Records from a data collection
#####
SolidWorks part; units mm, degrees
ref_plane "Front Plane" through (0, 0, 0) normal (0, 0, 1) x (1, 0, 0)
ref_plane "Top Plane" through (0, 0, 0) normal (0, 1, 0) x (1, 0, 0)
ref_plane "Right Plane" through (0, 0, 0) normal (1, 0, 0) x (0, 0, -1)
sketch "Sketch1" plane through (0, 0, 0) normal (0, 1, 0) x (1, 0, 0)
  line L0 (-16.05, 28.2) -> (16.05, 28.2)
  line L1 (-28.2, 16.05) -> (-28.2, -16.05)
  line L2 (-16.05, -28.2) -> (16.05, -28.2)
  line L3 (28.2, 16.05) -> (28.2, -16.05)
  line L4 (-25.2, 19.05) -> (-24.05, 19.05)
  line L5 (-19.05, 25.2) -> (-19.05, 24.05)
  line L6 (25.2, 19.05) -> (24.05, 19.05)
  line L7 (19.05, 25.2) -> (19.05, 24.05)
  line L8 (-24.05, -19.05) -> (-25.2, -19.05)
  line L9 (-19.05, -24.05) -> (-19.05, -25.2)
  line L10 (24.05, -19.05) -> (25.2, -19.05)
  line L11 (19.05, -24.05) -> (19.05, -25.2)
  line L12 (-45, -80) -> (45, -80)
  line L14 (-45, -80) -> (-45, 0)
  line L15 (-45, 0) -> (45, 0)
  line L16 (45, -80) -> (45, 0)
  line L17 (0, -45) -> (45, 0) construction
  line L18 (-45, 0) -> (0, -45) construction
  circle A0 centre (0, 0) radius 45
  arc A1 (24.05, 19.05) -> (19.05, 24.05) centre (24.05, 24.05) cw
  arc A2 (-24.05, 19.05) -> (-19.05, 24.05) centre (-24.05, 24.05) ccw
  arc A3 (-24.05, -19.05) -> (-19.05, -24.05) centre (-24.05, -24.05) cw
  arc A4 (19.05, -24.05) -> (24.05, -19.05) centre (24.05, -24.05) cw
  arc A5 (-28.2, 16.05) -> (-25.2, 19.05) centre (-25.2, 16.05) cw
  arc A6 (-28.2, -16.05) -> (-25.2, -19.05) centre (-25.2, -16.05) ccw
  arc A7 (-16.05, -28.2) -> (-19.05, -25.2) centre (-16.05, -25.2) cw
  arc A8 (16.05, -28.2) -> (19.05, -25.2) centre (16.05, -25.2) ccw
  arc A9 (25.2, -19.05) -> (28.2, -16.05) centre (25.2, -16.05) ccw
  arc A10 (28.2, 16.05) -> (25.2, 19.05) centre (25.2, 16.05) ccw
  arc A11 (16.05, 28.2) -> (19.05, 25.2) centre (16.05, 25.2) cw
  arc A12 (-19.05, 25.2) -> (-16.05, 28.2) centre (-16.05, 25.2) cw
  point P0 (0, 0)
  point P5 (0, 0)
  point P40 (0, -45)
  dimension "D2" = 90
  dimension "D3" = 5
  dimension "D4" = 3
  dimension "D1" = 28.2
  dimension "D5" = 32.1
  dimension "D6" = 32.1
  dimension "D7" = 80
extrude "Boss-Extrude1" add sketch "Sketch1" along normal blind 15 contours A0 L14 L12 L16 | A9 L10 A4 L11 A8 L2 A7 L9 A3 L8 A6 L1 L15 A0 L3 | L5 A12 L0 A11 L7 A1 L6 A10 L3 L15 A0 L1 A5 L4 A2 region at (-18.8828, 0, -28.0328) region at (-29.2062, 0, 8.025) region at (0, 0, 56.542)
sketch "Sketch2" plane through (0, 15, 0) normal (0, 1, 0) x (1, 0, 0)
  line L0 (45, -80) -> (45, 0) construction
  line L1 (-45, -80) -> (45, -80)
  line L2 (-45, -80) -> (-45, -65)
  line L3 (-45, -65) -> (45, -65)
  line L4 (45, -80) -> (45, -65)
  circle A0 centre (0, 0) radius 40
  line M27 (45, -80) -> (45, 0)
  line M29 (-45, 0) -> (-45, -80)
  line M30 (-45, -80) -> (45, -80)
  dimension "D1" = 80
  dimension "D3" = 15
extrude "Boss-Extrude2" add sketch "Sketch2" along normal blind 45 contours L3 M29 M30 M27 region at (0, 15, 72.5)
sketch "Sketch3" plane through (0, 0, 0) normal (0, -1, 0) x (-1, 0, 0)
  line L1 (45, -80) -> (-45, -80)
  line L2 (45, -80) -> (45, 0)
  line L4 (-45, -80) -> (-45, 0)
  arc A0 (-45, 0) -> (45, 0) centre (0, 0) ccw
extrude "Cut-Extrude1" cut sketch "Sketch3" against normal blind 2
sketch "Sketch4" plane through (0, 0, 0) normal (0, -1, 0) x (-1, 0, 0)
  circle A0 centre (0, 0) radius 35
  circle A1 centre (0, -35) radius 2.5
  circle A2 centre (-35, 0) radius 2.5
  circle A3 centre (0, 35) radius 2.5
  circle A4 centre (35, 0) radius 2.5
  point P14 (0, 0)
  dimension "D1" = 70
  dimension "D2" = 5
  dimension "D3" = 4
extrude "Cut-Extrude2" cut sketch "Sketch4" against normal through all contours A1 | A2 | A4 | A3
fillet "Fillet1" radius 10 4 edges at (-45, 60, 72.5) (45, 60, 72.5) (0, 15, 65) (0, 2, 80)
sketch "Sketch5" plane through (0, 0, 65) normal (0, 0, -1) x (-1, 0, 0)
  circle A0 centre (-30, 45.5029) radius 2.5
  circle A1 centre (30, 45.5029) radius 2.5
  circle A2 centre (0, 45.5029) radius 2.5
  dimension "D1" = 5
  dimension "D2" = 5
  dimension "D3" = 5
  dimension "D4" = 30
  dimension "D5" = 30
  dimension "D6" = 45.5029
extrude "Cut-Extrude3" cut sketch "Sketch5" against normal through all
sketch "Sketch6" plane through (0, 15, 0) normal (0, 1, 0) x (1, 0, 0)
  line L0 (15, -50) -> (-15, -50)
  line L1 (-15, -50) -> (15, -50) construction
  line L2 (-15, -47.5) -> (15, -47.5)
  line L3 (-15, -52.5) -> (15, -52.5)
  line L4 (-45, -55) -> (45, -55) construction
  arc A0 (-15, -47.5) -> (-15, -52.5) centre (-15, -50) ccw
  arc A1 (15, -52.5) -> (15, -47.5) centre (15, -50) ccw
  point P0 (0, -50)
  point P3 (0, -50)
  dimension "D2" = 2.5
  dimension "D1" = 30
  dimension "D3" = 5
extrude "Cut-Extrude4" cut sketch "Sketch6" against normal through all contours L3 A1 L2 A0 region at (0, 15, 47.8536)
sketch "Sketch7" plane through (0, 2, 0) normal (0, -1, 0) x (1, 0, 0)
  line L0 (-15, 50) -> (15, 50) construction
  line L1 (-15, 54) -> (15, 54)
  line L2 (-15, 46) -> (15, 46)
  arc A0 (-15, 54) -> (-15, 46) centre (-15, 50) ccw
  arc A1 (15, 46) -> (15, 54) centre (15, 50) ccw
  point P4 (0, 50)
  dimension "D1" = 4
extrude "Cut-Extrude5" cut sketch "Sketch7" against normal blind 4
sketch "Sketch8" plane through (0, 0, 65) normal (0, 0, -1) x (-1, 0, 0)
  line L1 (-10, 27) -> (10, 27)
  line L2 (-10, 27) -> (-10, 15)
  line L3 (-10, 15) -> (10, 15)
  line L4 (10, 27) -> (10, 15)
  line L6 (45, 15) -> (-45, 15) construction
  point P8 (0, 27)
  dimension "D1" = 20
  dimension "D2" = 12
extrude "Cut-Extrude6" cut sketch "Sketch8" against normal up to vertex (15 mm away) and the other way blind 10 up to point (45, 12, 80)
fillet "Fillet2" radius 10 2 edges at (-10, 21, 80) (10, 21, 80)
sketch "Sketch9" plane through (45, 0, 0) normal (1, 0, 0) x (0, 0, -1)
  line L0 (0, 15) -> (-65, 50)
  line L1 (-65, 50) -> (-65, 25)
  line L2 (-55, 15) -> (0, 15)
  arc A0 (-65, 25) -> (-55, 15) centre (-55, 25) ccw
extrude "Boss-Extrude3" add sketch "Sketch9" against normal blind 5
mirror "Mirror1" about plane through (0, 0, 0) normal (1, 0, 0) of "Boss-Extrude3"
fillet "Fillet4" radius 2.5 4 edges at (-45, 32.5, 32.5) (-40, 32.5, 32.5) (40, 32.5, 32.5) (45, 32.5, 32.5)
#####
Directions: Which lines above hold the word "contours"? Copy each of them.

Response to the exercise:
extrude "Boss-Extrude1" add sketch "Sketch1" along normal blind 15 contours A0 L14 L12 L16 | A9 L10 A4 L11 A8 L2 A7 L9 A3 L8 A6 L1 L15 A0 L3 | L5 A12 L0 A11 L7 A1 L6 A10 L3 L15 A0 L1 A5 L4 A2 region at (-18.8828, 0, -28.0328) region at (-29.2062, 0, 8.025) region at (0, 0, 56.542)
extrude "Boss-Extrude2" add sketch "Sketch2" along normal blind 45 contours L3 M29 M30 M27 region at (0, 15, 72.5)
extrude "Cut-Extrude2" cut sketch "Sketch4" against normal through all contours A1 | A2 | A4 | A3
extrude "Cut-Extrude4" cut sketch "Sketch6" against normal through all contours L3 A1 L2 A0 region at (0, 15, 47.8536)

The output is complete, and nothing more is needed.